DC v. Heller

July 5, 2008 on 11:42 pm | In Headlines, Needs more info | No Comments

While I’m glad that SCOTUS ruled that the second amendment protects an individual right, as do most of the other amendments in the Bill of Rights, I feel the need to contribute to the ‘nets comments en masse.

First, it was a pleasure to read in the majority opinion the comparison of the occurance of “the People” with other instances of individual rights clauses elsewhere in the Constitution.   It was also nice to see the court make a distinction between regulation and prohibition – that effective prohibition under the guise of regulation that rejects all applications is also contrary to the constitution.

Now the aftermath

Some gun control advocates continue to try to spin the Second Amendment as a law establishing a state priviledge rather than, as the framers and most of the state constitution conventions wanted, an enjoinment of the government protecting existing laws granting private weapon ownership.  Their argument alone gave me the drive to research further and I found the citations of the wikipedia article about the Second Amendment very telling. State ratification conventions in particular – several states included proposed drafts of a right to bear arms amendment in their ratifications and some refused to ratify the Constitution until that right was protected.

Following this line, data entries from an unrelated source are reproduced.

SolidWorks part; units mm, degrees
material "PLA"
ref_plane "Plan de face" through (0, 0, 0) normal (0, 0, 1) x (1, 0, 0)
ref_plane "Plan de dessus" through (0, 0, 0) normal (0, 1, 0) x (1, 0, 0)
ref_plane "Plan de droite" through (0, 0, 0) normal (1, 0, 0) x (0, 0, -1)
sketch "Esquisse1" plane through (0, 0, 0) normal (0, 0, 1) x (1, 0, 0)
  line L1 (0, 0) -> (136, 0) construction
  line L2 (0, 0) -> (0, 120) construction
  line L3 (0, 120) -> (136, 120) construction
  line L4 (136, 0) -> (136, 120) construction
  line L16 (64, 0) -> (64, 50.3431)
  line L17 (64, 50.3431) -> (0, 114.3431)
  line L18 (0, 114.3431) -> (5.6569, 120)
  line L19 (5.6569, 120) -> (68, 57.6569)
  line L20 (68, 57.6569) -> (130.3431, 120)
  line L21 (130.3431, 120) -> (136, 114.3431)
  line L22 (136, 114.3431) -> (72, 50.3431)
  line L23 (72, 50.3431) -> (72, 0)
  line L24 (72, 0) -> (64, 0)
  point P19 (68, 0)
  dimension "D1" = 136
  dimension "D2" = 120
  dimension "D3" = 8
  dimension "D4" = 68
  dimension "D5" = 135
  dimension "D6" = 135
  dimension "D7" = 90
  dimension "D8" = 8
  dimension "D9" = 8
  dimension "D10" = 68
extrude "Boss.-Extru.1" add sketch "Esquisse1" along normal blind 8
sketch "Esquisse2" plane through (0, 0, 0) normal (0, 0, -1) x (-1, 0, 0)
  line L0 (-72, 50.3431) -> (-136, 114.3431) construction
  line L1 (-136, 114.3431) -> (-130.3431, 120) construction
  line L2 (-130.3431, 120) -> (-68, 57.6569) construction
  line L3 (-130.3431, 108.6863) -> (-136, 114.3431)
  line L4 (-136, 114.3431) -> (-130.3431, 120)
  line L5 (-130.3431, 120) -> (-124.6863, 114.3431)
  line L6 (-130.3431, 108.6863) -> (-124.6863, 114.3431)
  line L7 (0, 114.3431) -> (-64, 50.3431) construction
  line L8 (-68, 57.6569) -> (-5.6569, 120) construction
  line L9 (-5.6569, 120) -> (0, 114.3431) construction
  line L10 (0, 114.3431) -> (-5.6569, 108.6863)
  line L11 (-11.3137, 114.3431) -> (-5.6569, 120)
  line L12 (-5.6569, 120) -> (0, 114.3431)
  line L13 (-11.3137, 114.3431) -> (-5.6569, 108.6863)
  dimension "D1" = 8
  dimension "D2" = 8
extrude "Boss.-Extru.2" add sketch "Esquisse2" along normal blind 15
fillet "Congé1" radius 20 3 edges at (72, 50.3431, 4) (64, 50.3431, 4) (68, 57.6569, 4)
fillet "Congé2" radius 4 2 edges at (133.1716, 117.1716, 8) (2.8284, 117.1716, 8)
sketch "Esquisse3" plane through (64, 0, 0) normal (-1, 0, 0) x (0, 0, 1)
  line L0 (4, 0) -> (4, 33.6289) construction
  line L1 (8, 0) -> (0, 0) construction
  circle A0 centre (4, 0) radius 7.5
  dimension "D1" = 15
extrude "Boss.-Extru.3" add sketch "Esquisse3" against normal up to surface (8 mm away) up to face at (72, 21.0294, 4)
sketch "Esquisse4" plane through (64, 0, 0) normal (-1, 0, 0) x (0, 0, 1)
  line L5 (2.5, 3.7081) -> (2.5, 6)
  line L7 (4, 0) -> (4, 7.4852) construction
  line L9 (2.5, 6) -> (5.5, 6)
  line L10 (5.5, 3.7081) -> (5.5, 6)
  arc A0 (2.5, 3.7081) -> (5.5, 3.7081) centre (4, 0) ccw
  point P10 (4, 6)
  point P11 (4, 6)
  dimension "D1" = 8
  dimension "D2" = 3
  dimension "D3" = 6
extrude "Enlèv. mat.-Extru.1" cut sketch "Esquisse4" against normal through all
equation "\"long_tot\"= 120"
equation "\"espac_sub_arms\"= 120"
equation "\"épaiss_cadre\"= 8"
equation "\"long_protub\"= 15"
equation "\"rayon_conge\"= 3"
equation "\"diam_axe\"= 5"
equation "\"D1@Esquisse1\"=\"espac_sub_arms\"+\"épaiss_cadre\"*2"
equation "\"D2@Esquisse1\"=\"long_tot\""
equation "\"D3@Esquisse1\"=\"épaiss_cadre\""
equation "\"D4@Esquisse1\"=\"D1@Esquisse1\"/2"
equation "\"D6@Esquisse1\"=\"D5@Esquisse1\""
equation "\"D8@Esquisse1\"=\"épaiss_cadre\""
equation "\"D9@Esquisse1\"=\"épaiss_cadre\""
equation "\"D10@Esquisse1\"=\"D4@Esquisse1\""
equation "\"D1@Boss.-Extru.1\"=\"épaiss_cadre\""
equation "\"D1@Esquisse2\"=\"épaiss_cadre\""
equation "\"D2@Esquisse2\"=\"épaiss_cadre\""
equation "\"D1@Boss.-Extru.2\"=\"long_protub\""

I think we need further case law.   Perhaps we need someone to test a ludicrous defense argument to reinforce self defense laws.   In most states lethal force is prohibited unless in the defense of imminent specific deadly threat to the defender’s person or other individuals.   An immediate specific painful but not lethal threat or a vague future threat doesn’t justify lethal force – if a prosecutor can argue that a reasonable person would have had a recourse other than violence, the victim can be prosecuted for unnecessary force.   Perhaps we need some assailant, charged and convicted of a greater crime over a victim who resisted, to argue for a mitigating factor in their sentence on the basis that their victim resisted:  if the victim hadn’t had armed resistance, the assailant might not have had to escalate their crime and would only have been guilty of a lesser crime in the face of a compliant victim.

The US also needs a strengthened restraining order law.   Presently a victim with a premeditated attacker that is enjoined by a restraining order gains no further benefit from that restraining order in the absence of law enforcement.   The only gain from a restraining order is a lowered cause for arrest by law enforcement – the civilian has no additional benefit unless law enforcement is present.  Violation of a restraining order should provide the victim (under the requirement of proof of violation of the restraining order) a lower barrier to lethal force.